Taylor diagram of correlation and standard deviation of 75–25% data splitting without tune model hyperparameter

Uncertainty analysis

Finally, the uncertainty analysis was calculated for the 75–25% data splitting without the tune model hyperparameter module of chosen models, which were NNBN and BDTR. Two different criteria were used for this purpose, namely, bracketed by 95PPU and d-factor. Uncertainty analysis is usually used to check the performance of the proposed model when there is a new dataset of the input that can be introduced. The best outcome of bracketed by 95PPU should fall in the band range of (80–100%) whilst the d-factor is 0. Table 4 shows the uncertainty analysis results for the testing dataset.

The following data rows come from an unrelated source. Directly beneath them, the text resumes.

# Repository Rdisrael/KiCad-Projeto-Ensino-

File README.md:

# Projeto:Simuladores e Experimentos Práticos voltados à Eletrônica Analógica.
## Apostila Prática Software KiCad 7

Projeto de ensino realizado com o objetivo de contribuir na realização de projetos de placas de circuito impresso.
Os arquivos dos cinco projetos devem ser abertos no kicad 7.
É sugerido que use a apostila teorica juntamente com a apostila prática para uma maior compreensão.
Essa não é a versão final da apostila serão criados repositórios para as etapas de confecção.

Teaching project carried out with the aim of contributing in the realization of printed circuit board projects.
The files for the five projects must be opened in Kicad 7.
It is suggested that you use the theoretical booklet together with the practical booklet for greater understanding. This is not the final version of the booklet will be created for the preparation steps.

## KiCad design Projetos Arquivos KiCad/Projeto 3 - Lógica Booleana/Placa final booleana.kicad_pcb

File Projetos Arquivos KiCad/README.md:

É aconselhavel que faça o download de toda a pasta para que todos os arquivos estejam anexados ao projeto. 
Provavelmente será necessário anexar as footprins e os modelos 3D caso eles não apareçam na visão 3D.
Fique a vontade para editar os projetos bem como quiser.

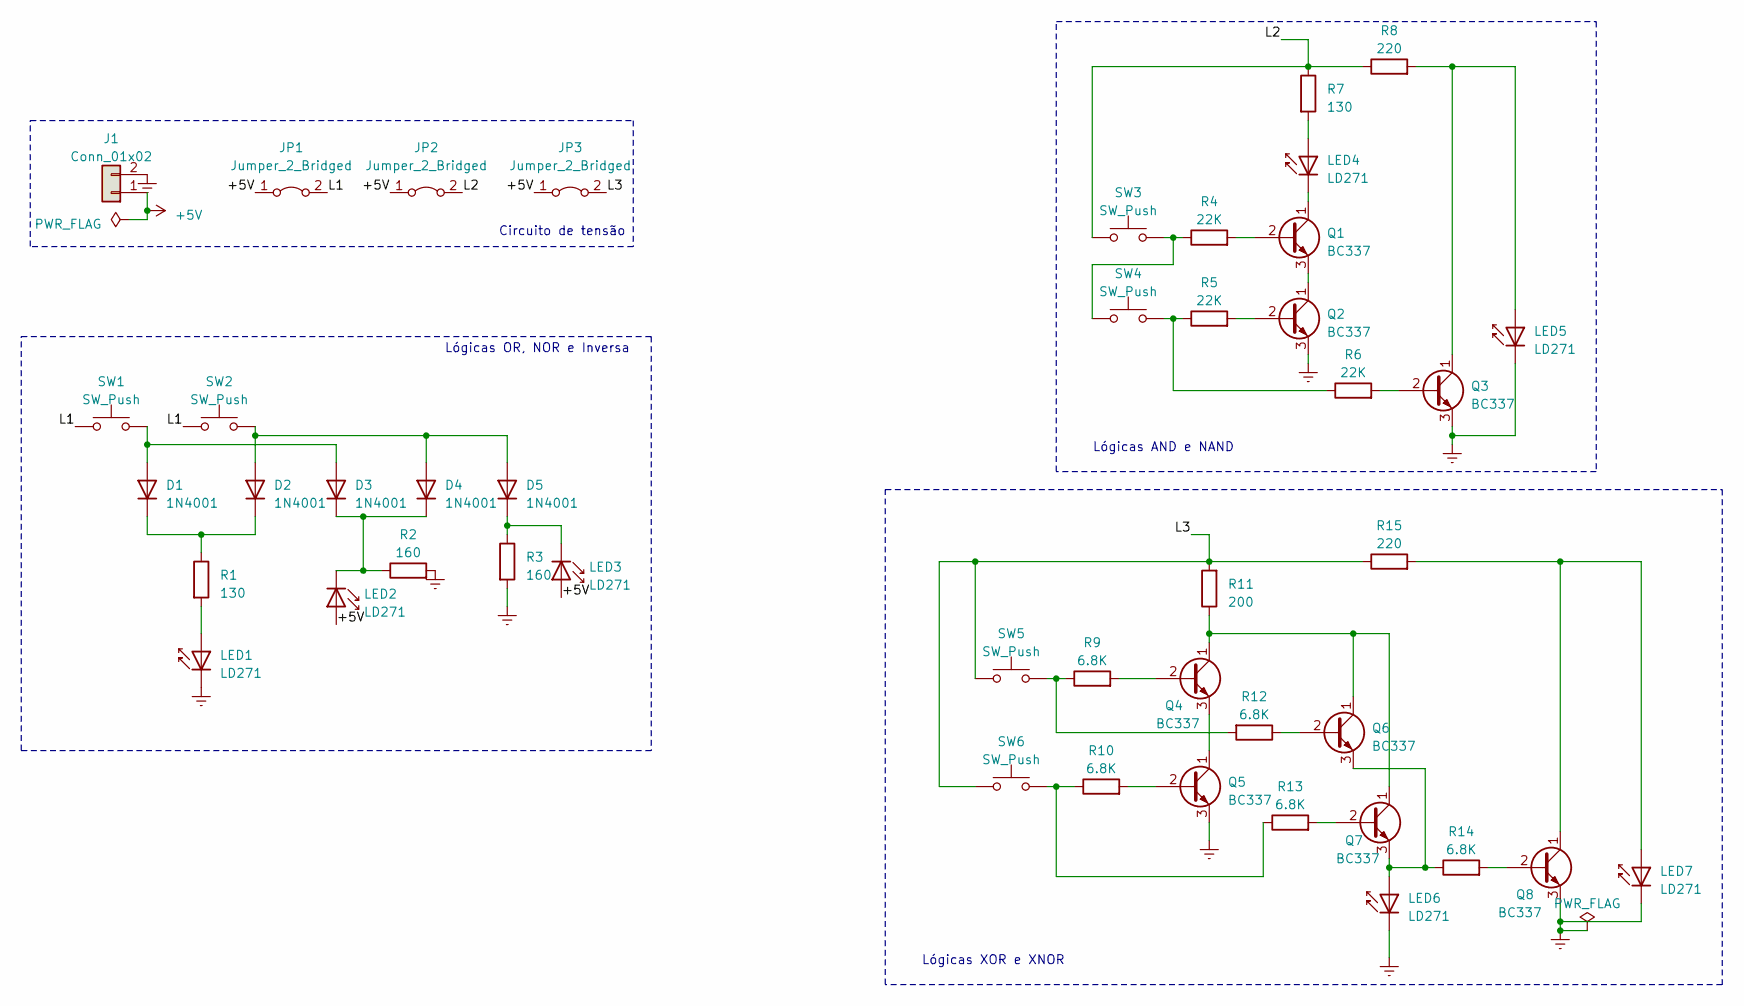
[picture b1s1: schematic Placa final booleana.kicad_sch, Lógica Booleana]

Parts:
D1, D2, D3, D4, D5: 1N4001; D_DO-41_SOD81_P10.16mm_Horizontal
J1: Conn_01x02; PinSocket_2x01_P2.54mm_Vertical
JP1, JP2, JP3: Jumper_2_Bridged; PinHeader_1x02_P2.54mm_Vertical
LED1, LED2, LED3, LED4, LED5, LED6, LED7: LD271; LED_D5.0mm_IRGrey
Q1, Q2, Q3, Q4, Q5, Q6, Q7, Q8: BC337; TO-92_Wide
R1, R7: 130; R_Axial_DIN0207_L6.3mm_D2.5mm_P10.16mm_Horizontal
R2, R3: 160; R_Axial_DIN0207_L6.3mm_D2.5mm_P10.16mm_Horizontal
R4, R5, R6: 22K; R_Axial_DIN0207_L6.3mm_D2.5mm_P10.16mm_Horizontal
R8, R15: 220; R_Axial_DIN0207_L6.3mm_D2.5mm_P10.16mm_Horizontal
R9, R10, R12, R13, R14: 6.8K; R_Axial_DIN0207_L6.3mm_D2.5mm_P10.16mm_Horizontal
R11: 200; R_Axial_DIN0207_L6.3mm_D2.5mm_P10.16mm_Horizontal
SW1, SW2, SW3, SW4, SW5, SW6: SW_Push; SW_PUSH_6mm

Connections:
+5V: J1.1, JP1.1 (A), JP2.1 (A), JP3.1 (A), LED2.2 (A), LED3.2 (A)
/L1: JP1.2 (B), SW1.1, SW2.1
/L2: JP2.2 (B), R7.1, R8.1, SW3.1
/L3: JP3.2 (B), R11.2, R15.1, SW5.1, SW6.1
Earth: J1.2, LED1.1 (K), LED5.1 (K), LED6.1 (K), LED7.1 (K), Q2.3 (E), Q3.3 (E), Q5.3 (E), Q8.3 (E), R2.2, R3.2
unnamed: D1.2 (A), D3.2 (A), SW1.2
unnamed: D1.1 (K), D2.1 (K), R1.1
unnamed: D2.2 (A), D4.2 (A), D5.2 (A), SW2.2
unnamed: D3.1 (K), D4.1 (K), LED2.1 (K), R2.1
unnamed: D5.1 (K), LED3.1 (K), R3.1
unnamed: LED1.2 (A), R1.2
unnamed: LED4.2 (A), R7.2
unnamed: LED4.1 (K), Q1.1 (C)
unnamed: LED5.2 (A), Q3.1 (C), R8.2
unnamed: LED6.2 (A), Q6.3 (E), Q7.3 (E), R14.1
unnamed: LED7.2 (A), Q8.1 (C), R15.2
unnamed: Q1.2 (B), R4.2
unnamed: Q1.3 (E), Q2.1 (C)
unnamed: Q2.2 (B), R5.2
unnamed: Q3.2 (B), R6.2
unnamed: Q4.2 (B), R9.2
unnamed: Q4.1 (C), Q6.1 (C), Q7.1 (C), R11.1
unnamed: Q4.3 (E), Q5.1 (C)
unnamed: Q5.2 (B), R10.2
unnamed: Q6.2 (B), R12.1
unnamed: Q7.2 (B), R13.2
unnamed: Q8.2 (B), R14.2
unnamed: R4.1, SW3.2, SW4.1
unnamed: R5.1, R6.1, SW4.2
unnamed: R10.1, R13.1, SW6.2
unnamed: R9.1, R12.2, SW5.2

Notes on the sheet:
Lógicas OR, NOR e Inversa
Lógicas AND e NAND
Circuito de tensão
Lógicas XOR e XNOR

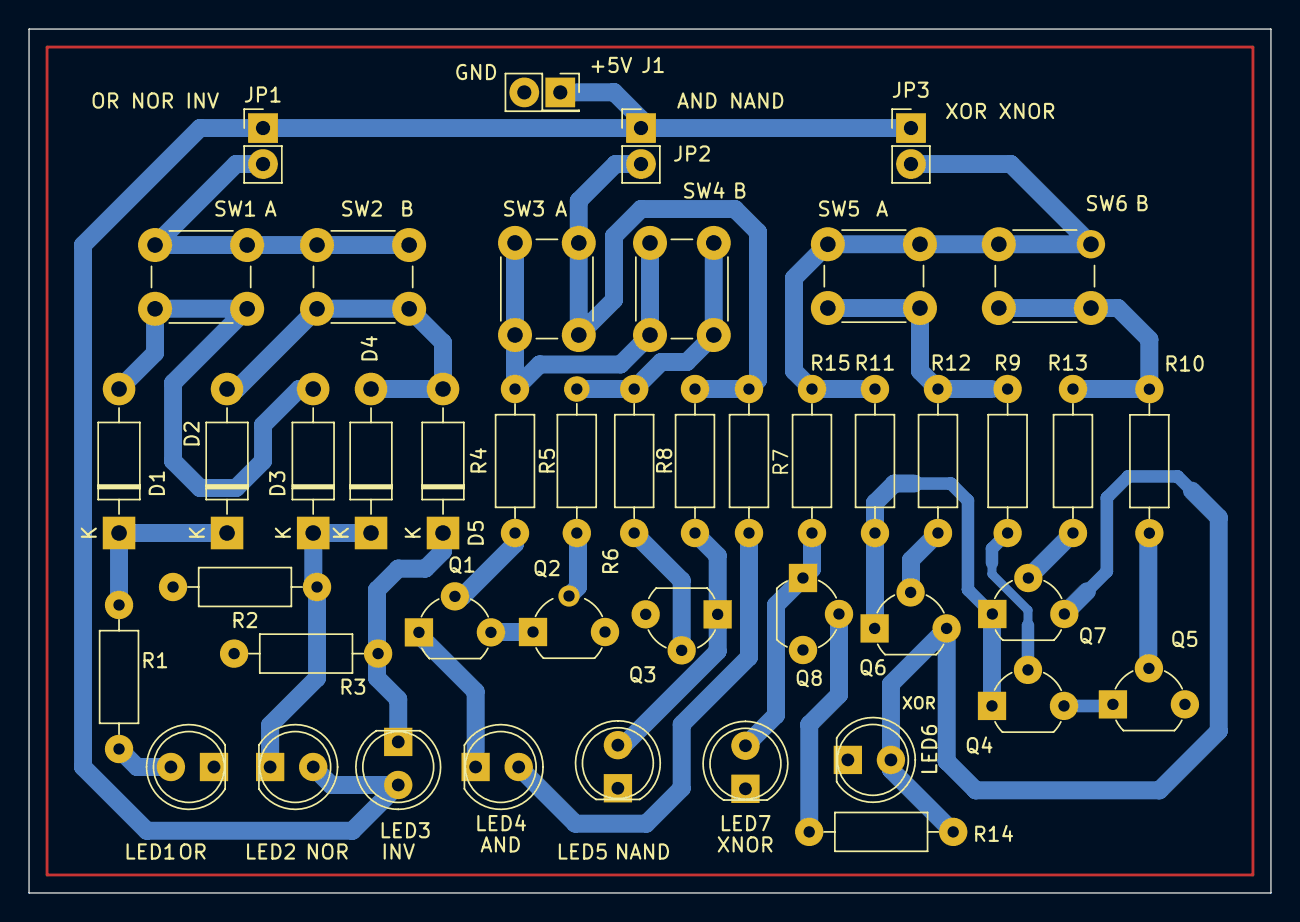
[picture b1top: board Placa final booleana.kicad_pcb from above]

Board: 2 copper layers, 87.6 x 61.0 mm, 45 parts (0 on the bottom side), 31 nets.

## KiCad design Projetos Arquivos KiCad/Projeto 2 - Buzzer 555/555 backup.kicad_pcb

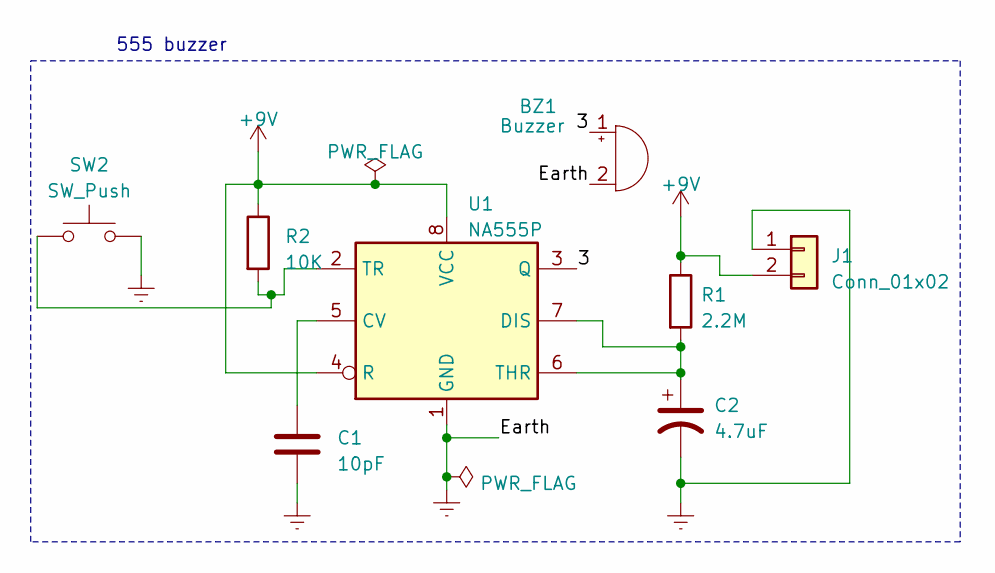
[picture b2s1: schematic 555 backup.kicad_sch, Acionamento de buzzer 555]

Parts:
BZ1: Buzzer; Buzzer_12x9.5RM7.6
C1: 10pF; C_Disc_D3.0mm_W2.0mm_P2.50mm
C2: 4.7uF; CP_Radial_D5.0mm_P2.50mm
J1: Conn_01x02; PinSocket_2x01_P2.00mm_Vertical
R1: 2.2M; R_Axial_DIN0207_L6.3mm_D2.5mm_P10.16mm_Horizontal
R2: 10K; R_Axial_DIN0207_L6.3mm_D2.5mm_P10.16mm_Horizontal
SW2: SW_Push; SW_PUSH_6mm
U1: NA555P; DIP-8_W7.62mm

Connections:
+9V: J1.2, R1.1, R2.1, U1.4 (R), U1.8 (VCC)
/3: BZ1.1 (-), U1.3 (Q)
Earth: BZ1.2 (+), C1.2, C2.2, J1.1, SW2.2, U1.1 (GND)
unnamed: C1.1, U1.5 (CV)
unnamed: C2.1, R1.2, U1.6 (THR), U1.7 (DIS)
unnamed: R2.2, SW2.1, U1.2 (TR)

Table 4 Uncertainty analysis of 75–25% data splitting models for the testing dataset

The values of bracketed by 95PPU are 87.5% and 97.3% of data for each model NNBN and BDTR relate to 75–25% data splitting. Based on these obtained values for both models, it can be concluded that all the observed data fall into the 95PPU band range of between 80 and 100% observed data. In addition, the d-factor values of 0.03579 and 0.03731 for NNBN and BDTR, respectively, were less than one, which is desirable since the best value for the d-factor is 0. Finally, Fig. 6 depicts the performance of the proposed model in predicting the actual observation of the solar radiation during the testing phase.

Fig. 6
figure 6

Actual vs. predicted solar radiation using BDTR during the testing phase

Conclusion

The capability of various models to predict solar radiation was assessed based on the available historical data of solar radiation itself as the input variables. Four prediction models were studied, composed of neural network Gaussian normalizer, neural network binning normalizer, boosted decision tree regression, and linear regression. By using two different data splitting, which was 80–20% and 75–25% data split, boosted decision tree regression outperformed all the other models with R2 of 0.89125 and 0.90183, respectively, without implementing tune model hyperparameter module. Whilst by implementing the tune model hyperparameter module, the performance of boosted decision tree regression somehow decreased to 0.86691 and 0.88277 of R2 for each 80–20% and 75–25% data splitting. This infers that data splitting of 75–25% gives better performance toward boosted decision tree regression by omitting the implementation of the tune model hyperparameter module. Detailed observation paid to this matter; only boosted decision tree regression and neural network binning normalizer models can be used, as the rest of the models were overfitted. The reliability of both models was calculated by uncertainty analysis known as 95PPU and d-factor. Based on the values of 95PPU and d-factor, it is concluded that both of these models have an acceptable low degree of uncertainty. In this study, only historical solar data composed of different months and years were used to predict solar radiation in April 2010 and are parsimonious enough to produce a good prediction model. The performance of the proposed model can be improved if more data incorporated, such as recent solar radiation and weather data at various meteorological stations, which were not available during this study. In addition to that, a high level of accuracy could be achieved if the proposed model augments with optimizers. On the other hand, the proposed model may be applied in other areas for solar radiation prediction.